Visual walkthrough — Structural loads — axial (thrust), bending (wind shear), dynamic (vibration, acoustics, shock)
Before any letters, meet the object we are cutting apart.

We treat the rocket as a hollow tube standing on its engine. Two things attack it at the same instant near max-Q: the engine shoves it up the long axis (red), and a sideways gust pushes the middle (orange). Our goal is the stress on the one worst spot — the windward fiber (the outer skin line facing into the wind, marked in blue).
Step 1 — What "stress" even means (force spread over skin)

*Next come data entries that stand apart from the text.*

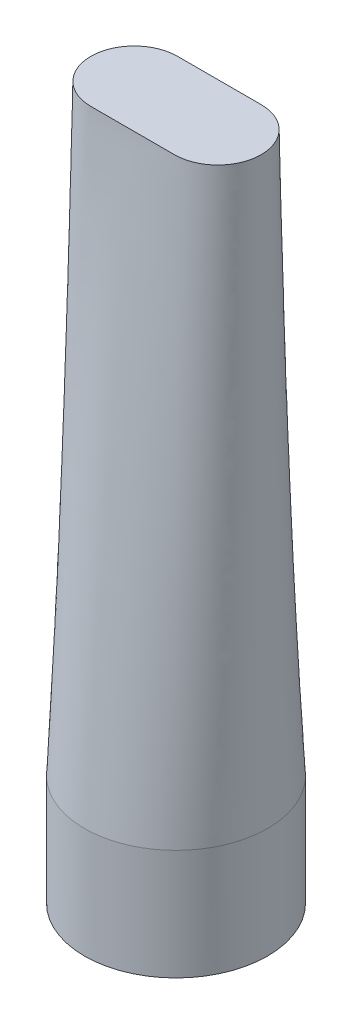
from build123d import *

# Parameters (mm, degrees)
SKETCH1_R           = 33.14
BOSS_EXTRUDE7_DEPTH = 40


with BuildPart() as part:
    # Sketch1 → Boss-Extrude7 (new body)
    with BuildSketch(Plane(origin=(0, 0, 0), x_dir=(1, 0, 0), z_dir=(0, 1, 0))):
        with Locations(Location((0, 0, 0), (0, 0, 270))):
            Circle(SKETCH1_R)
    extrude(amount=BOSS_EXTRUDE7_DEPTH)

    # Sketch2 → Cut-Revolve1 (revolve, cut)
    with BuildSketch(Plane.XY):
        with BuildLine():
            Line((0, 33.14), (0, 0))
            Line((0, 0), (33.14, 0))
            ThreePointArc((33.14, 0), (23.433518729, 23.433518729), (0, 33.14))
        make_face()
    revolve(axis=Axis((0, 33.14, 0), (0, -1, 0)), mode=Mode.SUBTRACT)

    # Loft2: read off the stored shape, not the designer's step
    # Loft2: loft between two sections, ruled curve by curve
    loft2_from = [
        Edge.make_bspline([(11.0271054, 250, 15.693425337), (9.717255887, 250, 15.693425337), (7.200404048, 250, 15.693425337), (3.565186877, 250, 15.693425337), (0, 250, 15.693425337), (-3.565186877, 250, 15.693425337), (-7.200404048, 250, 15.693425337), (-10.975681806, 250, 15.693425337), (-13.698228021, 250, 15.693425337), (-17.01407632, 250, 15.693425337), (-20.883114432, 250, 15.013417832), (-26.17258951, 250, 11.742683375), (-29.298181468, 250, 7.348658434), (-30.607496373, 250, 3.235198337), (-30.945491545, 250, 0), (-30.607496373, 250, -3.235198337), (-29.298181468, 250, -7.348658434), (-26.17258951, 250, -11.742683375), (-20.883114432, 250, -15.013417832), (-17.01407632, 250, -15.693425337), (-13.698228021, 250, -15.693425337), (-10.975681806, 250, -15.693425337), (-7.200404048, 250, -15.693425337), (-3.565186877, 250, -15.693425337), (0, 250, -15.693425337), (3.565186877, 250, -15.693425337), (7.200404048, 250, -15.693425337), (10.975681806, 250, -15.693425337), (13.698228021, 250, -15.693425337), (17.01407632, 250, -15.693425337), (20.883114432, 250, -15.013417832), (26.17258951, 250, -11.742683375), (29.298181468, 250, -7.348658434), (30.607496373, 250, -3.235198337), (30.945491545, 250, 0), (30.607496373, 250, 3.235198337), (29.298181468, 250, 7.348658434), (26.17258951, 250, 11.742683375), (20.883114432, 250, 15.013417832), (17.01407632, 250, 15.693425337), (13.698228021, 250, 15.693425337), (12.336954914, 250, 15.693425337), (11.0271054, 250, 15.693425337)], [0.527157019, 0.527157019, 0.527157019, 0.527157019, 0.554314037, 0.581471056, 0.608628074, 0.635785093, 0.662942111, 0.69009913, 0.717256148, 0.717256148, 0.75259913, 0.787942111, 0.823285093, 0.840956583, 0.858628074, 0.876299565, 0.893971056, 0.929314037, 0.964657019, 1, 1, 1.027157019, 1.054314037, 1.081471056, 1.108628074, 1.135785093, 1.162942111, 1.19009913, 1.217256148, 1.217256148, 1.25259913, 1.287942111, 1.323285093, 1.340956583, 1.358628074, 1.376299565, 1.393971056, 1.429314037, 1.464657019, 1.5, 1.5, 1.527157019, 1.527157019, 1.527157019, 1.527157019], 3),
    ]
    loft2_to = [
        Edge.make_bspline([(18.452921353, 40, 27.527312367), (16.773521911, 40, 28.65292023), (13.094954469, 40, 30.671343614), (6.779019435, 40, 32.671854648), (0, 40, 33.37459225), (-6.779019435, 40, 32.671854648), (-13.094954469, 40, 30.671343614), (-18.612805633, 40, 27.643708538), (-21.651835957, 40, 25.159700469), (-24.773929538, 40, 22.14790483), (-27.776279888, 40, 18.502093583), (-30.896900485, 40, 12.569660246), (-32.428473357, 40, 7.38864691), (-33.038688921, 40, 3.176222121), (-33.190639416, 40, 0), (-33.038688921, 40, -3.176222121), (-32.428473357, 40, -7.38864691), (-30.896900485, 40, -12.569660246), (-27.776279888, 40, -18.502093583), (-24.773929538, 40, -22.14790483), (-21.651835957, 40, -25.159700469), (-18.612805633, 40, -27.643708538), (-13.094954469, 40, -30.671343614), (-6.779019435, 40, -32.671854648), (0, 40, -33.37459225), (6.779019435, 40, -32.671854648), (13.094954469, 40, -30.671343614), (18.612805633, 40, -27.643708538), (21.651835957, 40, -25.159700469), (24.773929538, 40, -22.14790483), (27.776279888, 40, -18.502093583), (30.896900485, 40, -12.569660246), (32.428473357, 40, -7.38864691), (33.038688921, 40, -3.176222121), (33.190639416, 40, 0), (33.038688921, 40, 3.176222121), (32.428473357, 40, 7.38864691), (30.896900485, 40, 12.569660246), (27.776279888, 40, 18.502093583), (24.773929538, 40, 22.14790483), (21.651835957, 40, 25.159700469), (20.132320795, 40, 26.401704504), (18.452921353, 40, 27.527312367)], [0.527157019, 0.527157019, 0.527157019, 0.527157019, 0.554314037, 0.581471056, 0.608628074, 0.635785093, 0.662942111, 0.69009913, 0.717256148, 0.717256148, 0.75259913, 0.787942111, 0.823285093, 0.840956583, 0.858628074, 0.876299565, 0.893971056, 0.929314037, 0.964657019, 1, 1, 1.027157019, 1.054314037, 1.081471056, 1.108628074, 1.135785093, 1.162942111, 1.19009913, 1.217256148, 1.217256148, 1.25259913, 1.287942111, 1.323285093, 1.340956583, 1.358628074, 1.376299565, 1.393971056, 1.429314037, 1.464657019, 1.5, 1.5, 1.527157019, 1.527157019, 1.527157019, 1.527157019], 3),
    ]
    loft2 = Solid(Shell([*[Face.make_surface_from_curves(loft2_from[k], loft2_to[k]) for k in range(1)], Face(Wire(loft2_from)), Face(Wire(loft2_to))]))
    add(loft2)


solid = part.part
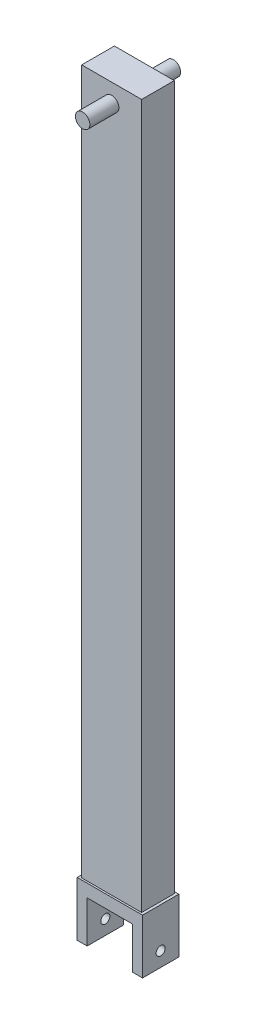
from build123d import *

# Parameters (mm, degrees)
SKETCH1_W           = 33
SKETCH1_H           = 18
BOSS_EXTRUDE1_DEPTH = 388
SKETCH3_R           = 4
BOSS_EXTRUDE2_DEPTH = 25
SKETCH4_W           = 36
SKETCH4_H           = 20
BOSS_EXTRUDE3_DEPTH = 30
SKETCH5_W           = 25
SKETCH5_H           = 45.982478268
CUT_EXTRUDE1_DEPTH  = 390.991025538
SKETCH6_R           = 2.5
CUT_EXTRUDE2_DEPTH  = 391.467668316


with BuildPart() as part:
    # Sketch1 → Boss-Extrude1 (new body)
    with BuildSketch(Plane(origin=(0, 0, 0), x_dir=(1, 0, 0), z_dir=(0, 1, 0))):
        Rectangle(SKETCH1_W, SKETCH1_H)
    extrude(amount=BOSS_EXTRUDE1_DEPTH)

    # Sketch3 → Boss-Extrude2 (add, symmetric)
    with BuildSketch(Plane.XY):
        with Locations((0, 377.75)):
            Circle(SKETCH3_R)
    extrude(amount=BOSS_EXTRUDE2_DEPTH, both=True)

    # Sketch4 → Boss-Extrude3 (add)
    with BuildSketch(Plane.XZ):
        Rectangle(SKETCH4_W, SKETCH4_H)
    extrude(amount=BOSS_EXTRUDE3_DEPTH)

    # Sketch5 → Cut-Extrude1 (cut, through all)
    with BuildSketch(Plane.XY.offset(10)):
        with Locations((0, -30)):
            Rectangle(SKETCH5_W, SKETCH5_H)
    extrude(amount=-CUT_EXTRUDE1_DEPTH, mode=Mode.SUBTRACT)

    # Sketch6 → Cut-Extrude2 (cut, through all)
    with BuildSketch(Plane(origin=(18, 0, 0), x_dir=(0, 0, -1), z_dir=(1, 0, 0))):
        with Locations((0, -22)):
            Circle(SKETCH6_R)
    extrude(amount=-CUT_EXTRUDE2_DEPTH, mode=Mode.SUBTRACT)


solid = part.part
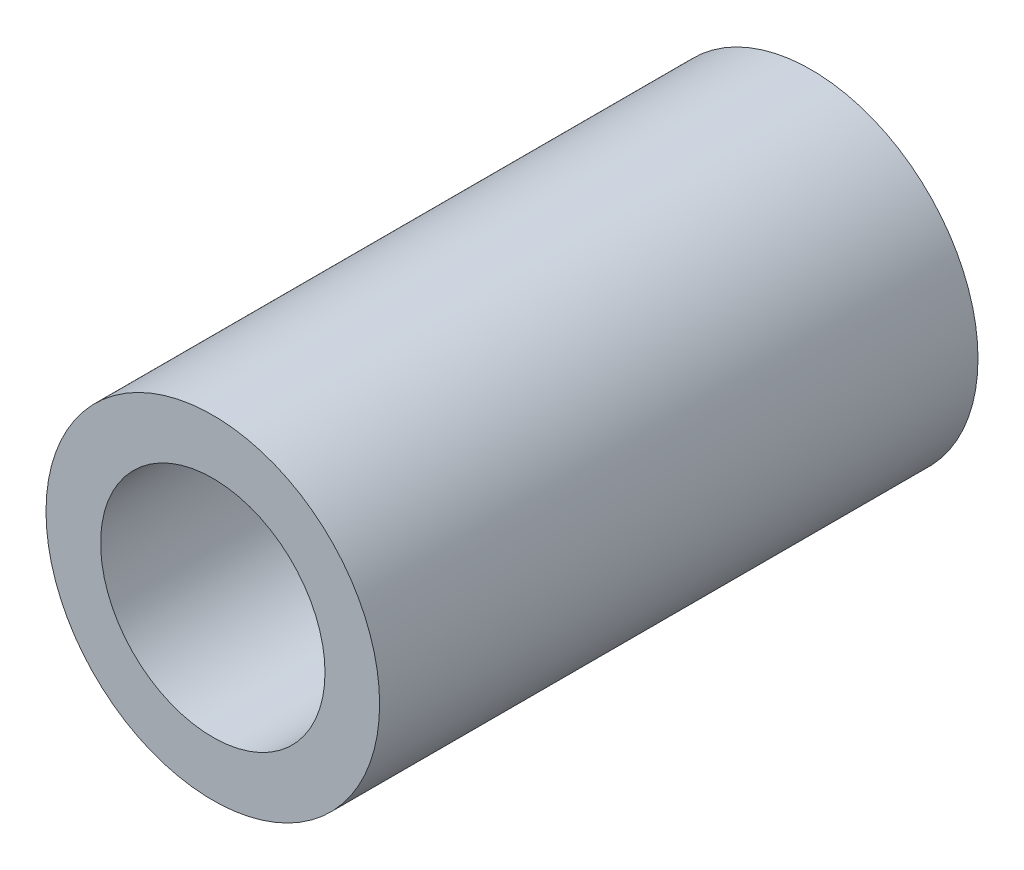
from build123d import *

# Parameters (mm, degrees)
SKETCH1_R           = 14.1605
SKETCH1_R_2         = 9.525
BOSS_EXTRUDE1_DEPTH = 25.4


with BuildPart() as part:
    # Sketch1 → Boss-Extrude1 (new, symmetric)
    with BuildSketch(Plane.XY):
        Circle(SKETCH1_R)
        Circle(SKETCH1_R_2, mode=Mode.SUBTRACT)
    extrude(amount=BOSS_EXTRUDE1_DEPTH, both=True)


solid = part.part
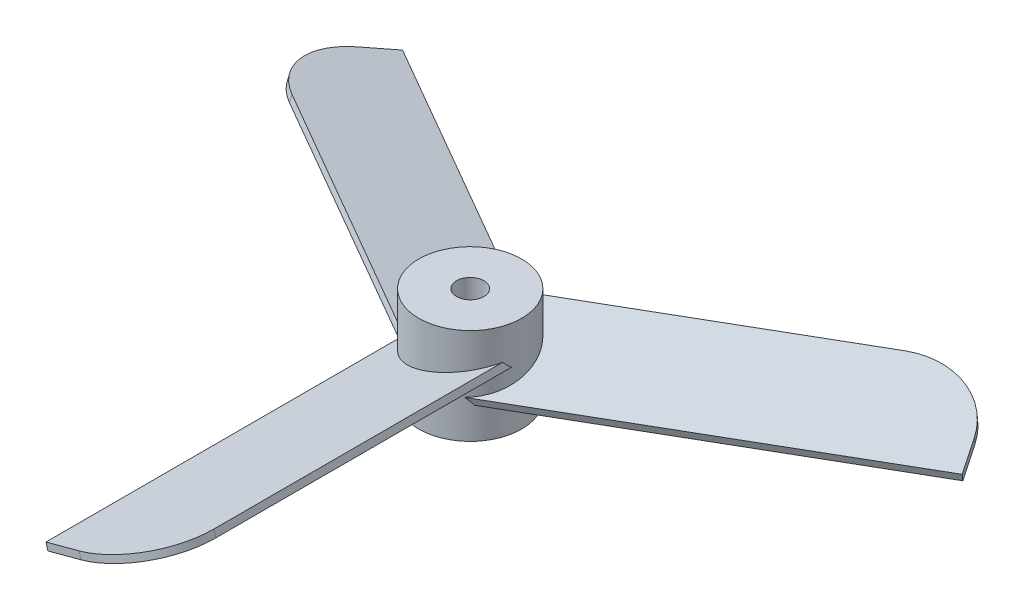
from build123d import *

# Parameters (mm, degrees)
SKETCH1_R                = 7.5
BOSS_EXTRUDE2_DEPTH      = 14
CUT_EXTRUDE1_REACH       = 19.564
SKETCH2_R                = 2
BOSS_EXTRUDE3_START      = -7.279118874
BOSS_EXTRUDE3_DEPTH      = 1.03527618
FILLET1_R                = 10
CIRPATTERN1_COUNT        = 3
FILLET1_OF_CIRPATTERN1_R = 10


with BuildPart() as part:
    # Sketch1 → Boss-Extrude2 (new body)
    with BuildSketch(Plane(origin=(0, 0, 0), x_dir=(1, 0, 0), z_dir=(0, 1, 0))):
        with Locations(Location((0, 0, 0), (0, 0, 270))):
            Circle(SKETCH1_R)
    extrude(amount=BOSS_EXTRUDE2_DEPTH)

    # Sketch2 → Cut-Extrude1 (cut, up to next)
    with BuildSketch(Plane(origin=(0, 14, 0), x_dir=(1, 0, 0), z_dir=(0, 1, 0)), mode=Mode.PRIVATE) as cut_extrude1_sk1:
        with Locations(Location((0, 0, 0), (0, 0, 270))):
            Circle(SKETCH2_R)
    cut_extrude1_tool1 = extrude(cut_extrude1_sk1.sketch, amount=-CUT_EXTRUDE1_REACH, mode=Mode.PRIVATE) & part.part
    add(cut_extrude1_tool1.solids().sort_by_distance((0, 14, 0))[0], mode=Mode.SUBTRACT)

    # Boss-Extrude3: read off the stored shape, not the designer's step
    # Boss-Extrude3 outline → Boss-Extrude3 (add)
    with BuildSketch(Plane(origin=(0, 0, 0), x_dir=(0.9659258262890672, 0.2588190451025251, 0), z_dir=(0.25881904510252507, -0.9659258262890672, 0)).offset(BOSS_EXTRUDE3_START)):
        with BuildLine():
            add(Edge.make_bspline(
                [(-5.688266684, 1.344969698), (-4.547659305, 7.389056985), (1.811733316, 7.498803292)],
                knots=[0.18030465, 0.18030465, 0.18030465, 1.551469461, 1.551469461, 1.551469461], degree=2, weights=[1, 0.771122328, 0.993637519]))
            add(Edge.make_bspline(
                [(1.811733316, 7.498803292), (8.171125936, 7.389056985), (9.311733316, 1.344969698)],
                knots=[1.590123193, 1.590123193, 1.590123193, 2.961288004, 2.961288004, 2.961288004], degree=2, weights=[0.993637519, 0.771122328, 1]))
            Line((9.311733316, 1.344969698), (9.311733316, 54.5))
            Line((9.311733316, 54.5), (-5.688266684, 54.5))
            Line((-5.688266684, 54.5), (-5.688266684, 1.344969698))
        make_face()
    boss_extrude3 = extrude(amount=BOSS_EXTRUDE3_DEPTH)

    # Fillet1
    fillet1_edges = [part.edges().sort_by_distance(p)[0] for p in [
        (7.244443697, 8.941142838, 54.5),
    ]]
    fillet(fillet1_edges, radius=FILLET1_R)

    # CirPattern1: Boss-Extrude3 ×3 about axis
    cirpattern1_axis = Axis((0, 0, 0), (0, 1, 0))
    for i in range(1, CIRPATTERN1_COUNT):
        add(boss_extrude3.rotate(cirpattern1_axis, i * 360 / CIRPATTERN1_COUNT))

    # Fillet1 of CirPattern1
    fillet1_of_cirpattern1_edges = [part.edges().sort_by_distance(p)[0] for p in [
        (43.576162658, 8.941142838, -33.523872278),
        (-50.820606355, 8.941142838, -20.976127722),
    ]]
    fillet(fillet1_of_cirpattern1_edges, radius=FILLET1_OF_CIRPATTERN1_R)


solid = part.part
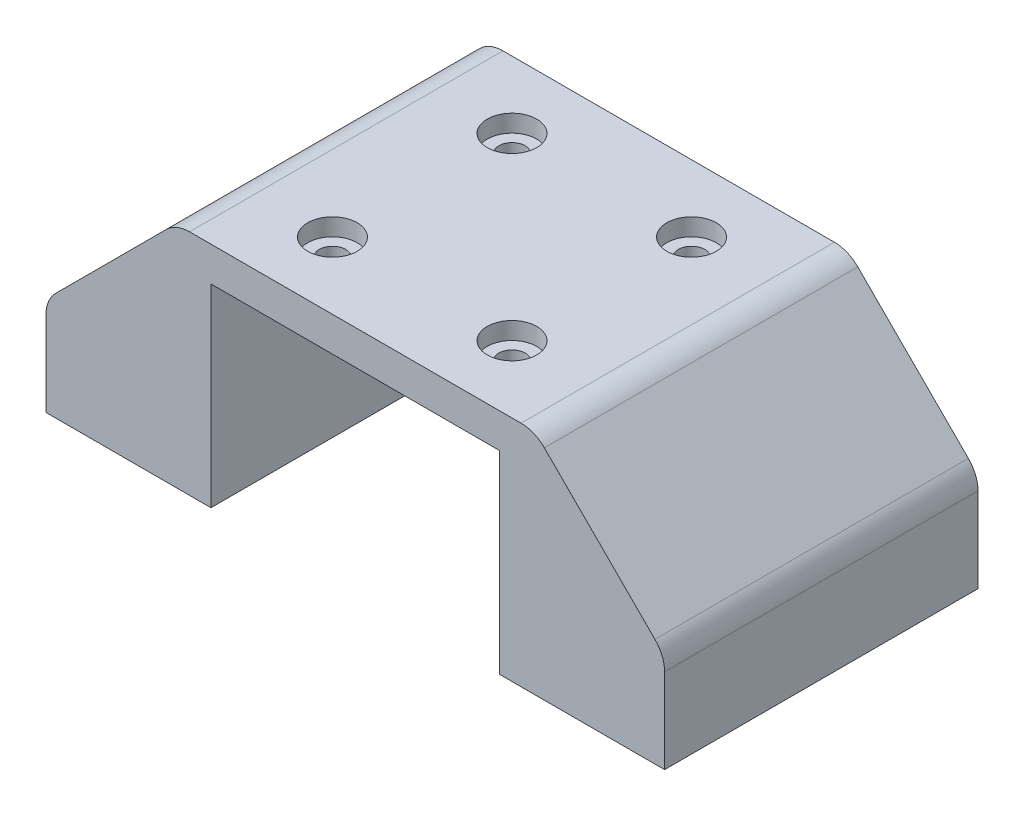
from build123d import *

# Parameters (mm, degrees)
BOSS_EXTRUDE1_DEPTH = 24.13
CHAMFER1_SIZE       = 10
FILLET1_R           = 2.54
FILLET2_R           = 2.54
SKETCH2_R           = 2.032
CUT_EXTRUDE1_DEPTH  = 10.16
SKETCH3_R           = 1.016
CUT_EXTRUDE2_DEPTH  = 39.185845946
SKETCH4_R           = 1.905
CUT_EXTRUDE3_DEPTH  = 1.3335


with BuildPart() as part:
    # Sketch1 → Boss-Extrude1 (new body)
    with BuildSketch(Plane.XY):
        Polygon((-11.1125, 0), (-11.1125, 14.9225), (11.1125, 14.9225), (11.1125, 0), (23.8125, 0), (23.8125, 17.574605951), (-23.8125, 17.574605951), (-23.8125, 0), align=None)
    extrude(amount=BOSS_EXTRUDE1_DEPTH)

    # Chamfer1
    chamfer1_edges = [part.edges().sort_by_distance(p)[0] for p in [
        (23.8125, 17.574605951, 12.065),
        (-23.8125, 17.574605951, 12.065),
    ]]
    chamfer(chamfer1_edges, length=CHAMFER1_SIZE)

    # Fillet1
    fillet1_edges = [part.edges().sort_by_distance(p)[0] for p in [
        (13.8125, 17.574605951, 12.065),
        (-13.8125, 17.574605951, 12.065),
    ]]
    fillet(fillet1_edges, radius=FILLET1_R)

    # Fillet2
    fillet2_edges = [part.edges().sort_by_distance(p)[0] for p in [
        (23.8125, 7.574605951, 12.065),
        (-23.8125, 7.574605951, 12.065),
    ]]
    fillet(fillet2_edges, radius=FILLET2_R)

    # Sketch2 → Cut-Extrude1 (cut)
    with BuildSketch(Plane.XZ):
        with Locations((-19.05, 19.685)):
            Circle(SKETCH2_R)
        with Locations((19.05, 19.685)):
            Circle(SKETCH2_R)
        with Locations((19.05, 4.445)):
            Circle(SKETCH2_R)
        with Locations((-19.05, 4.445)):
            Circle(SKETCH2_R)
    extrude(amount=-CUT_EXTRUDE1_DEPTH, mode=Mode.SUBTRACT)

    # Sketch3 → Cut-Extrude2 (cut, through all)
    with BuildSketch(Plane(origin=(0, 17.574605951, 0), x_dir=(1, 0, 0), z_dir=(0, 1, 0))):
        with Locations((-6.91134, -5.15366)):
            Circle(SKETCH3_R)
        with Locations((6.91134, -5.15366)):
            Circle(SKETCH3_R)
        with Locations((6.91134, -18.97634)):
            Circle(SKETCH3_R)
        with Locations((-6.91134, -18.97634)):
            Circle(SKETCH3_R)
    extrude(amount=-CUT_EXTRUDE2_DEPTH, mode=Mode.SUBTRACT)

    # Sketch4 → Cut-Extrude3 (cut)
    with BuildSketch(Plane(origin=(0, 17.574605951, 0), x_dir=(1, 0, 0), z_dir=(0, 1, 0))):
        with Locations((-6.91134, -5.15366)):
            Circle(SKETCH4_R)
        with Locations((6.91134, -5.15366)):
            Circle(SKETCH4_R)
        with Locations((6.91134, -18.97634)):
            Circle(SKETCH4_R)
        with Locations((-6.91134, -18.97634)):
            Circle(SKETCH4_R)
    extrude(amount=-CUT_EXTRUDE3_DEPTH, mode=Mode.SUBTRACT)


solid = part.part

WHAT we are doing: giving ourselves a single number to compare against "how much can the metal take." WHY a ratio and not just force: a big rocket and a small strut can carry very different forces yet fail at the same stress, because failure is a property of the material, not the size.

PICTURE: the same red force arrows squeezed through a small area (crowded, high stress) vs a large area (spread out, low stress). Every term in every later formula will end up being some force ÷ some area — this is the only unit we ever care about.
- ::: stress, force per unit area, in pascals (Pa)
- Why compressive stress is what breaks tubes ::: a thin can fails by crumpling (buckling) under compression, so the compressive side is the dangerous side
Step 2 — Cut the rocket: where does axial force come from?
WHAT we do: slice the vehicle horizontally at height and look only at the piece above the cut.
WHY we cut: the internal force at a spot is invisible until we expose it. Cutting turns a hidden internal push into an external force we can balance with Newton's law.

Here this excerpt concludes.